The goal would be to make the transfer as seamless, organic, and intuitive
as possible, so that no great leap would be involved in the transfer
of the musical to the mathematical expression and application of the
concept.

Music and Minds was primarily a music and performance
program with one class of mathematics, which I designed and taught.
I was unsure of what to expect going into this project. I had never
met Williams students before, but had read assorted literature describing
their "roughly second grade mathematical abilities" and "strong musical
abilities, or at least, affinities." Thus it was clear that while I
could map out a prospective curricular plan and establish a unit problem
(goal) for the 9-day course, a great deal of improvisation would be
inevitable as I got to know the students and their specific abilities
and needs. Many of the activities were adaptations from my book, Functional
Melodies--Finding Mathematical Relationships In Music. In the end, some
completely new activities were developed that have become the basis
for a series of complete units based on music and math integration.

** Math Objective**

The specific target outcome in math skill and understanding
was for the students to be able to make and interpret a graph on two
axes, the specific application being the daily temperature at UConn
for 7 days of the program. Each day of the class the daily temperature
would be noted and entered into a data table on the board. The data
table would be visible each day, and its creation over time would provide
a great deal of familiarity with the idea of ordered pairs of numbers
by the last day of the program when they would actually plot the points
and make the graph. The graph's creation on the last day would be their "exhibition" of sorts--the performance assessment for the program.

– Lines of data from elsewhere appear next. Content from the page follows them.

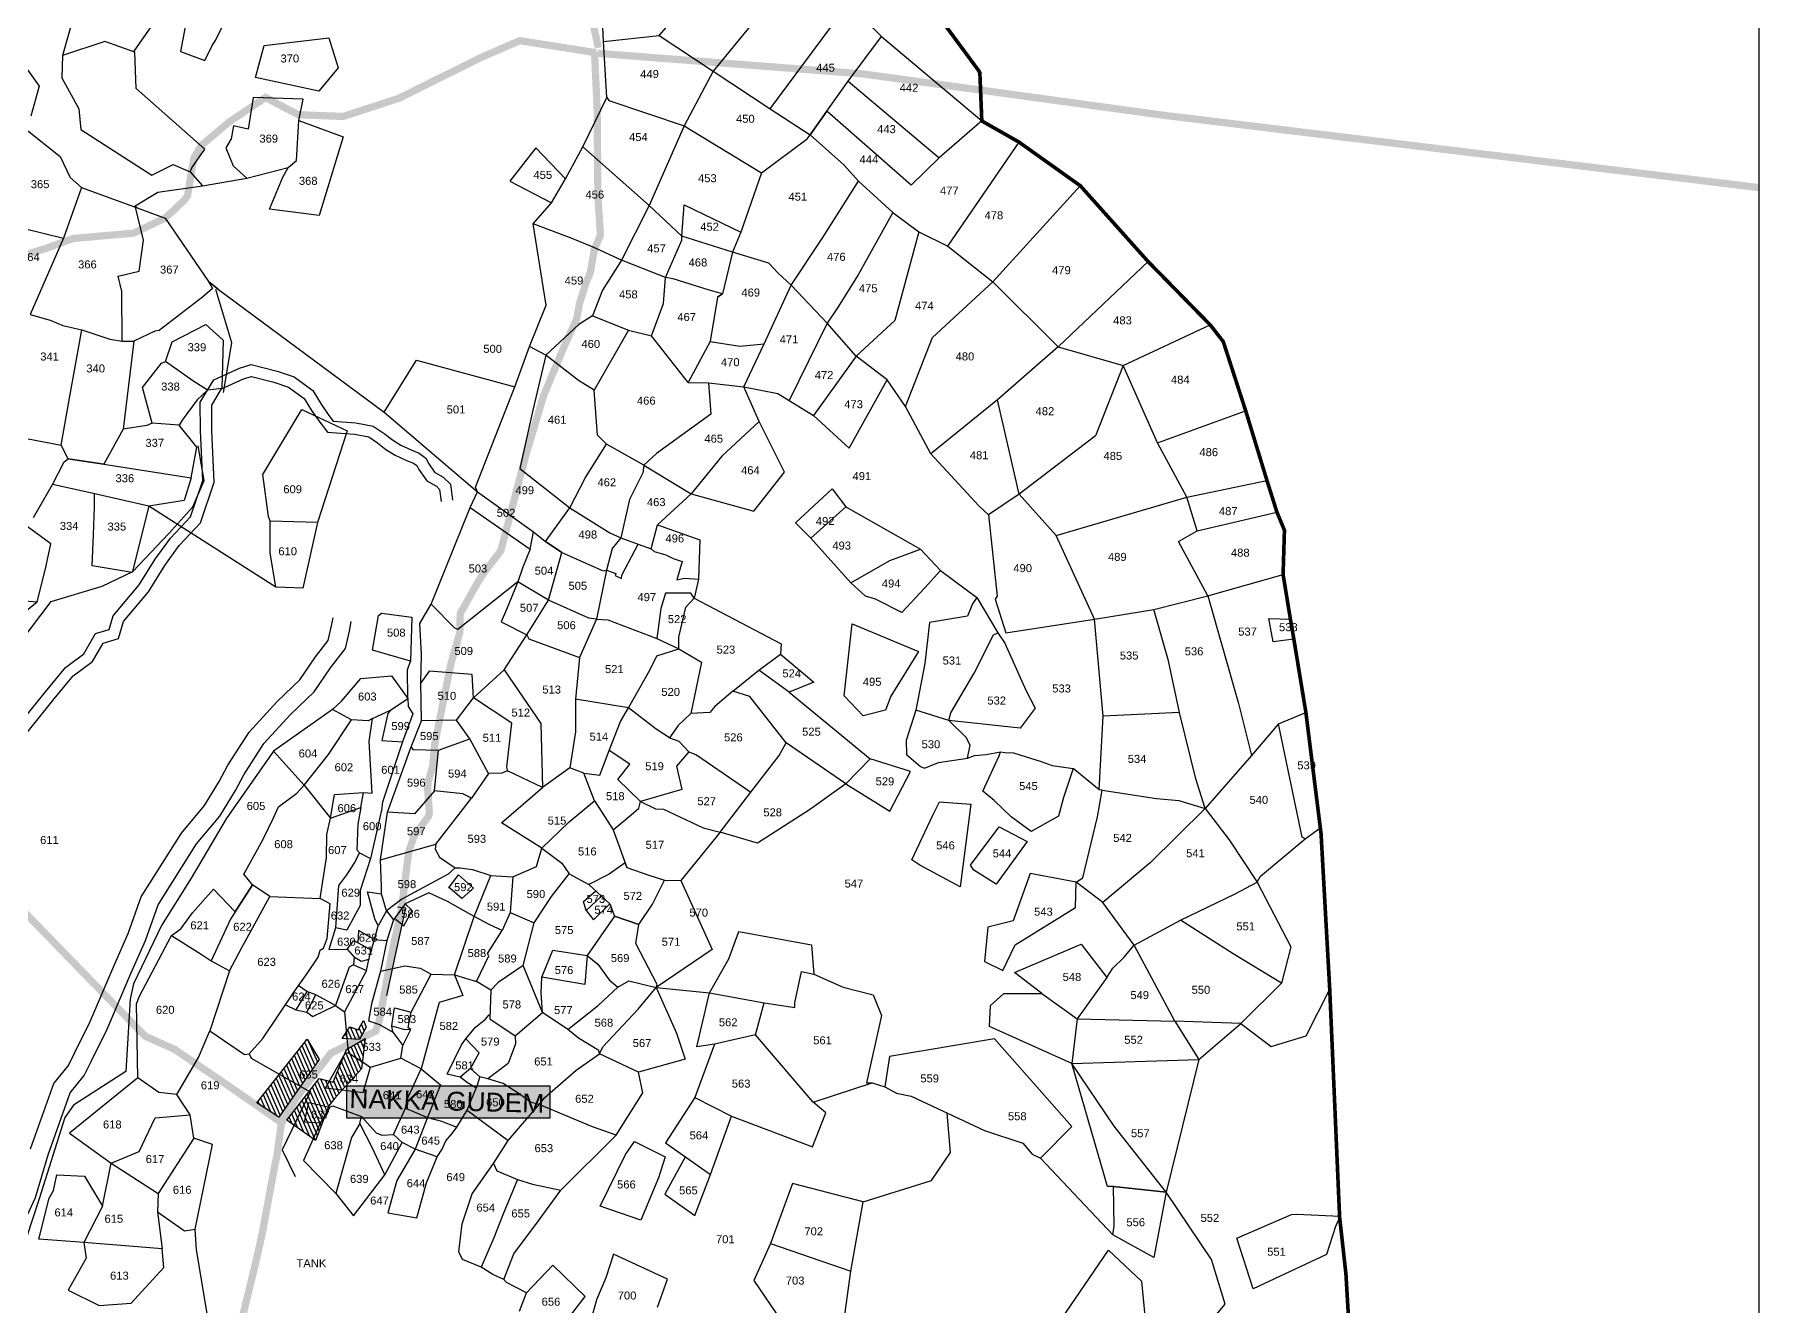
# Model space of a CAD drawing. Header units: millimetres. Extents: x 380985 to 388846, y 1838250 to 1848297.
# Drawn here: x 383978 to 388728, y 1841441 to 1844937 of the extents above; entities that cross this region are included whole.
import ezdxf
from ezdxf.enums import TextEntityAlignment as Align

# ---------------------------------------------------------------- set-up
doc = ezdxf.new("R2010")
doc.units = ezdxf.units.MM
for name, color, linetype in [('BND', 6, 'Continuous'), ('DIMENSION', 1, 'Continuous'), ('Hills', 3, 'Continuous'), ('Plot', 2, 'Continuous'), ('ROADS', 50, 'Continuous'), ('SY.AREA', 7, 'Continuous'), ('TEXT', 7, 'Continuous'), ('VILLAGE AREA', 1, 'Continuous')]:
    doc.layers.add(name, color=color, linetype=linetype)
doc.styles.get("Standard").update_dxf_attribs({"font": 'arial.ttf'})

# ---------------------------------------------------------------- blocks, each defined once
blk = doc.blocks.new('CHITT')
at = {"layer": 'BND', "lineweight": 30, "const_width": 10}
blk.add_lwpolyline([(1394, 1810.8), (1532.2, 1623.7), (1535.2, 1617.7), (1540.6, 1485.7), (1642.9, 1427.5), (1811.4, 1307.5), (1997.7, 1099.2), (2168.5, 925.1), (2204.4, 879.1), (2265.9, 689.3), (2324.5, 497.2), (2351.8, 410.6), (2372.5, 360.7), (2368.8, 239.1), (2388.9, 116.1), (2398.4, 61), (2431.5, -140.2), (2473.2, -474.1), (2497, -901), (2524.2, -1527.7), (2541.5, -1683), (2575.4, -2259.5)], dxfattribs=at)
at = {"layer": 'Hills', "color": 0}
for points in [[(-1129.7, -202.2), (-1033.6, -83.2), (-978.7, -16.6), (-928.2, 21.2), (-896.1, 76.6), (-858.2, 88), (-847, 125.4), (-776, 210.3), (-731.5, 281.2), (-690, 339.1), (-635, 397.3), (-601, 497.4), (-607.1, 633.7), (-607.8, 713.2), (-571, 774.1), (-500.1, 806.5), (-468.2, 816), (-396.3, 798.2), (-350.2, 782.1), (-298.6, 744.5), (-275.4, 707.2), (-254.1, 675.9), (-242.2, 660.5), (-179.9, 656.2), (-132.3, 646.6), (-102.4, 626.2), (-79.8, 608.9), (-56.9, 595), (-28.1, 581.4), (-6.3, 572.6), (12.4, 559.1), (20.1, 543.3), (36.3, 520), (60.1, 506.9), (80, 487.4), (85.3, 443.6)], [(-1106, -222.8), (-1009.3, -103), (-956.9, -39.4), (-904.3, -0.1), (-875.2, 50.2), (-832.9, 62.9), (-818.8, 110.3), (-750.6, 191.8), (-705.5, 263.7), (-665.7, 319.1), (-607.5, 380.8), (-569.4, 492.9), (-575.7, 634.6), (-576.4, 704.6), (-549.2, 749.6), (-489.1, 777.1), (-467.5, 783.5), (-405.3, 768.1), (-364.9, 754), (-322, 722.8), (-301.7, 690.1), (-279.5, 657.4), (-258.4, 630.2), (-184.1, 625), (-144.7, 617.1), (-120.8, 600.7), (-97.5, 583), (-71.8, 567.4), (-40.7, 552.6), (-21.6, 544.9), (-12.3, 538.3), (-7, 527.4), (14.7, 496.1), (41.2, 481.5), (50.2, 472.7), (54.2, 439.8)], [(-1074.2, -1339.8), (-1010.7, -1159.9), (-970.3, -1110.4), (-953.5, -1076.5), (-910.5, -989.2), (-845.2, -837.3), (-805.9, -747.9), (-770.2, -646.7), (-659.4, -471.5), (-596.1, -395.7), (-555.6, -329.5), (-532.4, -285.3), (-473.6, -194.3), (-396.1, -109.8), (-334.2, -50.3), (-290.9, 12.9), (-256.3, 57.8), (-247.8, 94.2), (-242.8, 119.8)], [(-1099.7, -1556.4), (-1060.4, -1473.3), (-1025.6, -1355.6), (-965.5, -1185.3), (-927.1, -1138.2), (-907.7, -1099.1), (-864.1, -1010.6), (-798.4, -857.6), (-758.4, -766.7), (-724, -669.1), (-618.1, -501.6), (-554.5, -425.5), (-511.2, -354.7), (-488.3, -311.1), (-433, -225.6), (-359.6, -145.5), (-295.1, -83.5), (-249.6, -17.2), (-209.1, 35.4), (-197.8, 83.5), (-192.7, 110.2)]]:
    blk.add_lwpolyline(points, dxfattribs=at)
at = {"layer": 'Plot', "color": 0}
for points in [[(-348, 2073.9), (-357.5, 2069.7), (-412.3, 2070.7), (-549.8, 2085.8), (-595.2, 2109.8), (-691.9, 2132.5), (-791.3, 2184.8), (-797.1, 2271.2), (-994.9, 2306.3), (-1054.8, 2206.8), (-1013.1, 1989.8), (-998.7, 1986.5), (-950.6, 1952.9), (-938.2, 1837.9), (-986.4, 1666), (-988.1, 1604.4), (-942.1, 1518.6), (-936, 1462.5), (-741.4, 1337.1), (-682.7, 1366.2), (-635.8, 1345.5), (-601.6, 1307.8)], [(1172.9, 1807.2), (1264.4, 1717.8), (1540.6, 1485.7), (1423.5, 1384), (1346.2, 1309.4), (1114.8, 1512.5), (1069, 1447.5), (1161.4, 1364.7), (1201.6, 1319.8), (1295.8, 1234.1), (1367.7, 1180.6), (1446.9, 1141.1), (1571, 1043.4), (1750.6, 865.2), (1583.9, 719.6), (1400.3, 571), (1532.8, 427.6), (1559, 402.9), (1582.6, 179.9), (1577.2, 171.6), (1606.6, 78.5), (1850.5, 116.6), (2013.6, 143.1), (2161.8, 180.9), (2368.8, 239.1)], [(396.1, 1326.2), (444, 1414.6), (509.9, 1550), (500.4, 1704.3), (481.7, 2116.7), (483.5, 2207.8)], [(-549.8, 2085.8), (-626.6, 1995.7), (-629.1, 1851.5), (-662.6, 1676.3), (-595.8, 1652.1), (-575.3, 1692.8), (-565.6, 1707.2), (-538.5, 1762.6), (-507.4, 1828.9), (-618.4, 1854.5), (-629.1, 1851.5)], [(500.4, 1704.3), (653.4, 1720.4), (829.7, 1921.5)], [(1038.3, 1911.1), (802.2, 1622.9), (721.9, 1472.2)], [(959, 1519.2), (1172.9, 1807.2), (1191, 1919.2)], [(-787.6, 1674.8), (-789.7, 1677.8), (-730.3, 1762.5), (-809.8, 1891.7), (-938.2, 1837.9)], [(-432.4, 1693), (-254.7, 1714.5), (-228.5, 1631.8), (-282.1, 1567.3), (-455.9, 1605), (-432.4, 1693)], [(1331.1, 700.6), (1280.1, 774.1), (1195.2, 839.6), (1115.5, 929.8), (1016.5, 1034.7), (980.7, 1067.5), (955, 1094.7), (854.8, 1125.3), (716, 1168.9), (626.5, 1253), (444, 1414.6), (509.9, 1550), (515.3, 1541.9), (721.9, 1472.2), (934.9, 1342.8), (1060.8, 1437), (1069, 1447.5), (1114.8, 1512.5), (1172.9, 1594.9), (1264.4, 1717.8)], [(653.4, 1720.4), (802.2, 1622.9), (959, 1519.2), (1069, 1447.5)], [(-1099.9, 1651.1), (-1050.8, 1580.9), (-1074, 1499.3)], [(-1087.2, 1463.2), (-992.8, 1388.3), (-965.6, 1329.9), (-934.3, 1302.8), (-781.7, 1247.2), (-704.1, 1218.8), (-585.2, 1044.8), (-558.1, 1022.6), (-102.2, 685.7), (154, 466.1), (308.2, 356.1), (341.6, 329.8), (385.9, 299.9), (499.4, 249.5), (509.2, 251), (534.8, 241.7), (532.8, 236.3), (550, 228.1), (550.7, 237.5), (595.9, 322.9), (631.4, 309.7), (639.8, 302.2), (672.4, 293.5), (691.8, 283.3), (717, 275.2), (702.6, 224.8), (723.3, 228.7), (761.7, 226.5), (749.8, 174.2), (989.2, 48.9), (987.1, 19.9), (1078.6, -57), (1010.7, -84.3), (1233.7, -267.9), (1166.4, -336), (1067.3, -407.7), (924.1, -499.2), (821.3, -468.9), (712.9, -602)], [(-635.8, 1345.5), (-631.4, 1357), (-595, 1407.8), (-784.3, 1574.9), (-787.6, 1674.8), (-869.9, 1704.1), (-986.4, 1666)], [(1172.9, 1594.9), (1423.5, 1384)], [(-781.7, 1247.2), (-786.8, 1252.1), (-724.8, 1289.9), (-601.6, 1307.8), (-480, 1328.3), (-366.1, 1357.8), (-343, 1376.6), (-336.7, 1487.3), (-325, 1546), (-462.3, 1549.9), (-475.8, 1463.2), (-516.1, 1472.7), (-522.8, 1436.8), (-537.7, 1412), (-517.4, 1362.5), (-480, 1328.3), (-366.1, 1357.8), (-343, 1376.6), (-336.7, 1487.3), (-214.8, 1441.9), (-281.2, 1225.6), (-417.3, 1242.8), (-381.2, 1331.1), (-366.1, 1357.8)], [(721.9, 1472.2), (626.5, 1253), (550.3, 1102.9), (498.3, 1020.4), (469.9, 950.2), (432.8, 926.4), (342.5, 841.9)], [(1446.9, 1141.1), (1642.9, 1427.5)], [(154, 466.1), (154, 466.1), (148.7, 479.2), (257.2, 754.5), (297.3, 866.2), (343.2, 979.4), (307, 1203.1), (357.8, 1260.2), (396.1, 1326.2), (314.3, 1411.4), (243.5, 1320.1), (357.8, 1260.2)], [(934.9, 1342.8), (877.7, 1180.4)], [(-934.3, 1302.8), (-983.7, 1163.2), (-1075.3, 954), (-1020.6, 937.9), (-985.3, 923.3), (-933.3, 911.8)], [(886.3, 755.2), (942.2, 873.1), (1016.5, 1034.7), (1101.7, 1162.4), (1201.6, 1319.8)], [(1571, 1043.4), (1811.4, 1307.5)], [(-1284.3, 860.4), (-1337, 893.1), (-1298.8, 964.2), (-1271.4, 1027.7), (-1270.4, 1045.2), (-1193.9, 1250.3), (-1099.2, 1191.9), (-983.7, 1163.2)], [(-822.3, 880.5), (-823.4, 1017.2), (-833.2, 1058.7), (-775.8, 1072.9), (-764.1, 1157.7), (-786.8, 1252.1)], [(665.1, 983.9), (665.1, 983.9), (671.1, 1055), (715.5, 1157.9), (716, 1168.9), (721.9, 1255.5), (877.7, 1180.4), (854.8, 1125.3), (827.6, 1010.7), (814.2, 1001.6), (793.7, 879.7), (733.2, 767.1), (632.7, 894.7)], [(814.2, 1001.6), (827.6, 1010.7), (787.9, 1021.7), (691.8, 1051.8), (671.1, 1055), (550.3, 1102.9), (472.5, 1139.1), (412, 1163.3), (307, 1203.1)], [(1295.8, 1234.1), (1200.7, 1062.7), (1144.3, 972.1), (1115.5, 929.8)], [(1367.7, 1180.6), (1301.9, 937)], [(1750.6, 865.2), (1997.7, 1099.2)], [(-558.1, 1022.6), (-585.2, 1044.8), (-574.1, 1025.1), (-601.7, 1001.8), (-720.5, 910.2), (-732.7, 908.2), (-790.3, 880.5), (-819.7, 639), (-873.4, 542.8), (-970.7, 557.2), (-990.6, 595), (-967.3, 723.6), (-933.3, 911.8), (-856.3, 886), (-822.3, 880.5), (-790.3, 880.5)], [(-544, 739.2), (-521, 875.4), (-565.1, 1022.2)], [(1400.3, 571), (1331.1, 700.6), (1404.9, 890.8), (1571, 1043.4)], [(469.9, 950.2), (569.4, 911.1), (632.7, 894.7), (665.1, 983.9)], [(-740, 654.9), (-766.6, 752.7), (-714.9, 819.7), (-703.9, 824.5), (-685.3, 878.2), (-592.7, 926), (-544.8, 883.6), (-548.5, 750.7), (-588.2, 746.2), (-628.3, 771.5), (-703.9, 824.5)], [(569.4, 911.1), (475.3, 745.8)], [(733.2, 767.1), (788.9, 766.1), (886.3, 755.2), (979.7, 736.2), (1078.3, 676.2), (1175.8, 586.4), (1280.1, 774.1), (1195.2, 839.6), (1301.9, 937)], [(1115.5, 929.8), (1063.1, 824), (1010.9, 717.3)], [(2104, 451.4), (2023.3, 600.9), (1929.4, 813.1), (2168.5, 925.1)], [(96.3, -161.2), (143.4, -100), (227.4, -23.2), (289.5, 72.9), (349.1, 168.1), (385.9, 299.9), (341.6, 329.8), (408.2, 422.6), (451, 505.7), (508.6, 597.1), (484.3, 621.6), (475.3, 745.8), (431.9, 772), (342.5, 841.9), (297.3, 866.2)], [(793.7, 879.7), (875.8, 867.1), (942.2, 873.1)], [(1750.6, 865.2), (1929.4, 813.1), (1853.5, 620.6), (1643.4, 460.2), (1559, 402.9)], [(-102.2, 685.7), (-13.7, 828.6), (257.2, 754.5)], [(342.5, 841.9), (305.9, 691.1), (270.3, 530.5), (408.2, 422.6), (517.6, 353.4), (548.3, 339.8), (595.9, 322.9), (631.4, 309.7), (649.4, 376), (765.4, 334), (761.7, 226.5)], [(1195.2, 839.6), (1078.3, 676.2)], [(788.9, 766.1), (795.9, 680.2), (646.5, 571.7), (611.2, 539.6), (508.6, 597.1)], [(-588.2, 746.2), (-616.2, 719.3), (-657.4, 663.6), (-665.6, 649.8)], [(741.9, 460.9), (913.5, 412.9), (998.1, 520.1), (928.5, 659.8), (886.3, 755.2)], [(2252.3, -995.5), (2070.8, -988.4), (1959, -779.5), (1873.7, -662.8), (1800.2, -606.5), (1673.7, -582.9), (1626.6, -712.4), (1556.9, -730.5), (1547.6, -824.2), (1598.7, -849.4), (1632.1, -778.8), (1798.5, -676.6), (1800.2, -606.5), (1817.9, -595.1), (1858.8, -427.2), (1871.4, -353.3), (1863.3, -353.2), (1873.9, -150.7), (1850.5, 116.6), (1745.1, 346), (1643.4, 460.2), (1583.9, 719.6)], [(-204, 634), (-285.8, 382.3), (-326, 201.1), (-400.5, 204.2), (-416.1, 298.6), (-415.3, 385.8), (-420.7, 398.6), (-435.9, 513.7), (-328.8, 692.5), (-204, 634)], [(2023.3, 600.9), (2265.9, 689.3)], [(-1066.1, 396), (-1013.7, 486.7), (-981.7, 549.2), (-970.7, 557.2), (-873.4, 542.8), (-633.2, 504.6), (-617.2, 589.5), (-665.6, 649.8), (-740, 654.9), (-754.5, 648.3), (-819.7, 639)], [(-1133.1, 622.1), (-990.6, 595)], [(928.5, 659.8), (826, 564.6), (741.9, 460.9)], [(-1484.2, -520.3), (-1324.4, -399.4), (-1182.8, -253.1), (-1166.3, -30), (-1018.1, 165), (-877.8, 207.4), (-793.5, 247.1), (-694.6, 351.4), (-627.9, 424.7), (-597.4, 497.2), (-613.9, 593.1)], [(611.2, 539.6), (608.5, 518.7), (571.7, 444.9), (548.3, 339.8), (524.4, 310.3), (509.2, 251), (480.9, 116.5), (434.9, 10.6)], [(611.2, 539.6), (741.9, 460.9), (649.4, 376)], [(-633.2, 504.6), (-652.5, 442.6), (-749.6, 427.2), (-906, 462.9), (-1013.7, 486.7)], [(1745.1, 346), (2104, 451.4), (2324.5, 497.2)], [(-749.6, 427.2), (-795.4, 244.3), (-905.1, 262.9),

Math anxiety was considered as a significant factor in
the entire process. Without exception, the students suffered from acute
low self esteem regarding math and associated it with traumatic experiences.
Hence, particularly in the early class sessions, most of the emphasis
was placed on musical activities with the mathematical aspects kept
to a minimum. From the students' perspective, noting the temperature
each day was just a fun conversation piece that preceded each lesson.
They were specifically not told why they were observing temperature.
I did not want the students' thinking about the temperature chart clouded
by the fear of what they may be asked to do with it at this point.

** The Program
**

The instructional strategy for the program fell into three
stages. Stage 1 engaged students in activities that focused on time
values in rhythm and their representations by a horizontal position
(horizontal axis). Stage 2, developed the notion of musical pitch and
its representation by a vertical position (vertical axis) and combined
this with the notion of the horizontal representation of time. Stage
3 applied the concepts used in the musical representations to a mathematical
application.

**Stage 1, The Horizontal Axis As Time, Days 1-4 **

Our first activity, "Multiples of Drummers" involved clapping
various rhythmic patterns in groups and representing the claps on horizontal,
scaled lines. The class was divided into two groups, each group simultaneously
clapping at different beat intervals. The objective was to determine
the beat number where the patterns would sound simultaneously by observing
both aurally and graphically. The beat number of the simultaneous clap
would be noted as the least common multiple of the two primary rhythms,
and the resulting combined rhythm noted to be a "polyrhythm." For more
advanced students, various polyrhythms would be charted, multiples observed
and a general rule conjectured for finding least common multiples. This
objective was clearly beyond the level of the Williams students. Many
students were unable to accurately represent the clapping patterns graphically.
They had great difficulty tracking along a single line and placing dots
at the intersection of lines. In many cases they lacked the ability
to place dots in a consistent pattern, such as a dot every two scale
units. It was difficult to tell at this point if it was a problem with
hand/eye motor coordination of the physical placement of the dot, or
inability to conceptualize the pattern and transfer the idea of claps
to dots. The days to follow lent some insight into this. In any event,
I became wary at this point as to whether or not the temperature graph
was a realistic goal for these students. I seriously considered abandoning
it, but decided to persevere with the original plan.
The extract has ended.